> [REQUIRED WORK]: When you respond, restate each record exactly as it is given.

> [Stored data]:
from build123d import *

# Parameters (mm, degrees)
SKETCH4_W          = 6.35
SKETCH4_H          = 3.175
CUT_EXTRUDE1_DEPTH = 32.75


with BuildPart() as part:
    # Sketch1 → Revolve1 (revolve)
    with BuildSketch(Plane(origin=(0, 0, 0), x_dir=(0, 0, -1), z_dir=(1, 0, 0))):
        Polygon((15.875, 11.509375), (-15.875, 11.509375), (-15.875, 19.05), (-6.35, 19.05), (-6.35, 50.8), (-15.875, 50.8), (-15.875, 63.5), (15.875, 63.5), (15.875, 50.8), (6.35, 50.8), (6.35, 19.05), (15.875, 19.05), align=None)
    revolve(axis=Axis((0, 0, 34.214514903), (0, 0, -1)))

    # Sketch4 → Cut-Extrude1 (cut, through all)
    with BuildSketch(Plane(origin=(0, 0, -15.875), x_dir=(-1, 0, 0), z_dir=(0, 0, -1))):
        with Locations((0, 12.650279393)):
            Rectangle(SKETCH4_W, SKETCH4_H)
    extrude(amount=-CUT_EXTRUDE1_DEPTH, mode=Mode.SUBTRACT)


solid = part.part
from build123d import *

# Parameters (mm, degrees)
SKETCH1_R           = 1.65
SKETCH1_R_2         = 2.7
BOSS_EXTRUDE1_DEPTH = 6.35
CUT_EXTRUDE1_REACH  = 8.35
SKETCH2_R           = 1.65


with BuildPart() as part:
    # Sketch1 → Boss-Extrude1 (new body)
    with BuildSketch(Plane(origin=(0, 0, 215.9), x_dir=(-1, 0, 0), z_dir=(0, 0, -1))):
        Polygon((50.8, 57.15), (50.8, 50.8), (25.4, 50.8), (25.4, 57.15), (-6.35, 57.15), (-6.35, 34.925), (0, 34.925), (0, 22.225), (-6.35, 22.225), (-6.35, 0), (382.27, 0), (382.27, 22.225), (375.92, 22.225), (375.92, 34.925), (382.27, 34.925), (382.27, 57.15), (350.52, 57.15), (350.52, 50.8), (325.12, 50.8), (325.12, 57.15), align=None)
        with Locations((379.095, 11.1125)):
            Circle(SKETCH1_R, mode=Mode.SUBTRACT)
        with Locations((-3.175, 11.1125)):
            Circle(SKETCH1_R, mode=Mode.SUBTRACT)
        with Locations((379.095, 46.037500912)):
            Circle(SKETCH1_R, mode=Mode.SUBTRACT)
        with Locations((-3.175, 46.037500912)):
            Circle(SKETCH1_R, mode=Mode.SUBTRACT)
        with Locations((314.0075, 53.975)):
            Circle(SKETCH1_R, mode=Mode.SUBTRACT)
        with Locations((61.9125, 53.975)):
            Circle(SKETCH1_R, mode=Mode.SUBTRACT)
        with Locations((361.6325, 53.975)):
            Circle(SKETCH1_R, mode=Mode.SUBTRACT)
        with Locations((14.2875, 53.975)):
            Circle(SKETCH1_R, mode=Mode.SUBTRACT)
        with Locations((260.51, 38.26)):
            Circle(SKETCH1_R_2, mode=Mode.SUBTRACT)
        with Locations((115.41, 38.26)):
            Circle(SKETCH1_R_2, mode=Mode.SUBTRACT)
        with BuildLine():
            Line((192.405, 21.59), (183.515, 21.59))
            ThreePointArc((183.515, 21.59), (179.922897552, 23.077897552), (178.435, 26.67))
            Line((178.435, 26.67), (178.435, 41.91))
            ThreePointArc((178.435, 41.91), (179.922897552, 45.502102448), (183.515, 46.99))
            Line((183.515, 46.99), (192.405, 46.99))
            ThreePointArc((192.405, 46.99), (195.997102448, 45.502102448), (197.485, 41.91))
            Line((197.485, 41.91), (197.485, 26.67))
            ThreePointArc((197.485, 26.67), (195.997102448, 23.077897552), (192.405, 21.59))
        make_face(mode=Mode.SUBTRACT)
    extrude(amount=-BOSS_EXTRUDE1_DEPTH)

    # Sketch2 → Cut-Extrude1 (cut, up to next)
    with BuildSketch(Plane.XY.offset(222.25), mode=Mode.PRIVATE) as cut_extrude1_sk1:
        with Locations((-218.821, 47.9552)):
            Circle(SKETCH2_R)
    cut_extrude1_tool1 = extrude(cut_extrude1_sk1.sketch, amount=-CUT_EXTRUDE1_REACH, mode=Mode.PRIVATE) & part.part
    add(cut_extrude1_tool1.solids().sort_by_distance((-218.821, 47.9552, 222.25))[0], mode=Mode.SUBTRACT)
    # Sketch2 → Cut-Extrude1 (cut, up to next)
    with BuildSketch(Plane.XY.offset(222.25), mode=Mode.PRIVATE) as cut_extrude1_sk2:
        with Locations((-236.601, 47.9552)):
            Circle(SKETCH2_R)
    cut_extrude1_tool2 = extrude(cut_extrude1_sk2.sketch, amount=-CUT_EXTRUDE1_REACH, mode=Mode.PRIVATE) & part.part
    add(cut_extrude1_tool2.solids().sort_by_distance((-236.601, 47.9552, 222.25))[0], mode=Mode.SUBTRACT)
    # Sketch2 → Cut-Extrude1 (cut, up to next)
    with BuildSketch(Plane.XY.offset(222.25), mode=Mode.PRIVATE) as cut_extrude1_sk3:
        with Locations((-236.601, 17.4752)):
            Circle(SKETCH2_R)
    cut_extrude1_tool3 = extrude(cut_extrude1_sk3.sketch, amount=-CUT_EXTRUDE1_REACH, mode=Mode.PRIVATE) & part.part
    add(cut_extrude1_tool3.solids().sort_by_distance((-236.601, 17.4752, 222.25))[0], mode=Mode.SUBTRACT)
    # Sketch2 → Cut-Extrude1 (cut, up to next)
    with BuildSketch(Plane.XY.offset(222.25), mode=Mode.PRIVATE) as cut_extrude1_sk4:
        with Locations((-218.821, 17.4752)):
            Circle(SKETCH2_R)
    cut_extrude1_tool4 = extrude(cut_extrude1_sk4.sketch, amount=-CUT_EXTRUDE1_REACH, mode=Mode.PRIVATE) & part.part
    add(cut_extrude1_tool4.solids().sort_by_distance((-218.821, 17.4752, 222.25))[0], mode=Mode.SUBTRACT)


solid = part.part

> [ANSWER TO THE EXERCISE]:
from build123d import *

# Parameters (mm, degrees)
SKETCH4_W          = 6.35
SKETCH4_H          = 3.175
CUT_EXTRUDE1_DEPTH = 32.75


with BuildPart() as part:
    # Sketch1 → Revolve1 (revolve)
    with BuildSketch(Plane(origin=(0, 0, 0), x_dir=(0, 0, -1), z_dir=(1, 0, 0))):
        Polygon((15.875, 11.509375), (-15.875, 11.509375), (-15.875, 19.05), (-6.35, 19.05), (-6.35, 50.8), (-15.875, 50.8), (-15.875, 63.5), (15.875, 63.5), (15.875, 50.8), (6.35, 50.8), (6.35, 19.05), (15.875, 19.05), align=None)
    revolve(axis=Axis((0, 0, 34.214514903), (0, 0, -1)))

    # Sketch4 → Cut-Extrude1 (cut, through all)
    with BuildSketch(Plane(origin=(0, 0, -15.875), x_dir=(-1, 0, 0), z_dir=(0, 0, -1))):
        with Locations((0, 12.650279393)):
            Rectangle(SKETCH4_W, SKETCH4_H)
    extrude(amount=-CUT_EXTRUDE1_DEPTH, mode=Mode.SUBTRACT)


solid = part.part
from build123d import *

# Parameters (mm, degrees)
SKETCH1_R           = 1.65
SKETCH1_R_2         = 2.7
BOSS_EXTRUDE1_DEPTH = 6.35
CUT_EXTRUDE1_REACH  = 8.35
SKETCH2_R           = 1.65


with BuildPart() as part:
    # Sketch1 → Boss-Extrude1 (new body)
    with BuildSketch(Plane(origin=(0, 0, 215.9), x_dir=(-1, 0, 0), z_dir=(0, 0, -1))):
        Polygon((50.8, 57.15), (50.8, 50.8), (25.4, 50.8), (25.4, 57.15), (-6.35, 57.15), (-6.35, 34.925), (0, 34.925), (0, 22.225), (-6.35, 22.225), (-6.35, 0), (382.27, 0), (382.27, 22.225), (375.92, 22.225), (375.92, 34.925), (382.27, 34.925), (382.27, 57.15), (350.52, 57.15), (350.52, 50.8), (325.12, 50.8), (325.12, 57.15), align=None)
        with Locations((379.095, 11.1125)):
            Circle(SKETCH1_R, mode=Mode.SUBTRACT)
        with Locations((-3.175, 11.1125)):
            Circle(SKETCH1_R, mode=Mode.SUBTRACT)
        with Locations((379.095, 46.037500912)):
            Circle(SKETCH1_R, mode=Mode.SUBTRACT)
        with Locations((-3.175, 46.037500912)):
            Circle(SKETCH1_R, mode=Mode.SUBTRACT)
        with Locations((314.0075, 53.975)):
            Circle(SKETCH1_R, mode=Mode.SUBTRACT)
        with Locations((61.9125, 53.975)):
            Circle(SKETCH1_R, mode=Mode.SUBTRACT)
        with Locations((361.6325, 53.975)):
            Circle(SKETCH1_R, mode=Mode.SUBTRACT)
        with Locations((14.2875, 53.975)):
            Circle(SKETCH1_R, mode=Mode.SUBTRACT)
        with Locations((260.51, 38.26)):
            Circle(SKETCH1_R_2, mode=Mode.SUBTRACT)
        with Locations((115.41, 38.26)):
            Circle(SKETCH1_R_2, mode=Mode.SUBTRACT)
        with BuildLine():
            Line((192.405, 21.59), (183.515, 21.59))
            ThreePointArc((183.515, 21.59), (179.922897552, 23.077897552), (178.435, 26.67))
            Line((178.435, 26.67), (178.435, 41.91))
            ThreePointArc((178.435, 41.91), (179.922897552, 45.502102448), (183.515, 46.99))
            Line((183.515, 46.99), (192.405, 46.99))
            ThreePointArc((192.405, 46.99), (195.997102448, 45.502102448), (197.485, 41.91))
            Line((197.485, 41.91), (197.485, 26.67))
            ThreePointArc((197.485, 26.67), (195.997102448, 23.077897552), (192.405, 21.59))
        make_face(mode=Mode.SUBTRACT)
    extrude(amount=-BOSS_EXTRUDE1_DEPTH)

    # Sketch2 → Cut-Extrude1 (cut, up to next)
    with BuildSketch(Plane.XY.offset(222.25), mode=Mode.PRIVATE) as cut_extrude1_sk1:
        with Locations((-218.821, 47.9552)):
            Circle(SKETCH2_R)
    cut_extrude1_tool1 = extrude(cut_extrude1_sk1.sketch, amount=-CUT_EXTRUDE1_REACH, mode=Mode.PRIVATE) & part.part
    add(cut_extrude1_tool1.solids().sort_by_distance((-218.821, 47.9552, 222.25))[0], mode=Mode.SUBTRACT)
    # Sketch2 → Cut-Extrude1 (cut, up to next)
    with BuildSketch(Plane.XY.offset(222.25), mode=Mode.PRIVATE) as cut_extrude1_sk2:
        with Locations((-236.601, 47.9552)):
            Circle(SKETCH2_R)
    cut_extrude1_tool2 = extrude(cut_extrude1_sk2.sketch, amount=-CUT_EXTRUDE1_REACH, mode=Mode.PRIVATE) & part.part
    add(cut_extrude1_tool2.solids().sort_by_distance((-236.601, 47.9552, 222.25))[0], mode=Mode.SUBTRACT)
    # Sketch2 → Cut-Extrude1 (cut, up to next)
    with BuildSketch(Plane.XY.offset(222.25), mode=Mode.PRIVATE) as cut_extrude1_sk3:
        with Locations((-236.601, 17.4752)):
            Circle(SKETCH2_R)
    cut_extrude1_tool3 = extrude(cut_extrude1_sk3.sketch, amount=-CUT_EXTRUDE1_REACH, mode=Mode.PRIVATE) & part.part
    add(cut_extrude1_tool3.solids().sort_by_distance((-236.601, 17.4752, 222.25))[0], mode=Mode.SUBTRACT)
    # Sketch2 → Cut-Extrude1 (cut, up to next)
    with BuildSketch(Plane.XY.offset(222.25), mode=Mode.PRIVATE) as cut_extrude1_sk4:
        with Locations((-218.821, 17.4752)):
            Circle(SKETCH2_R)
    cut_extrude1_tool4 = extrude(cut_extrude1_sk4.sketch, amount=-CUT_EXTRUDE1_REACH, mode=Mode.PRIVATE) & part.part
    add(cut_extrude1_tool4.solids().sort_by_distance((-218.821, 17.4752, 222.25))[0], mode=Mode.SUBTRACT)


solid = part.part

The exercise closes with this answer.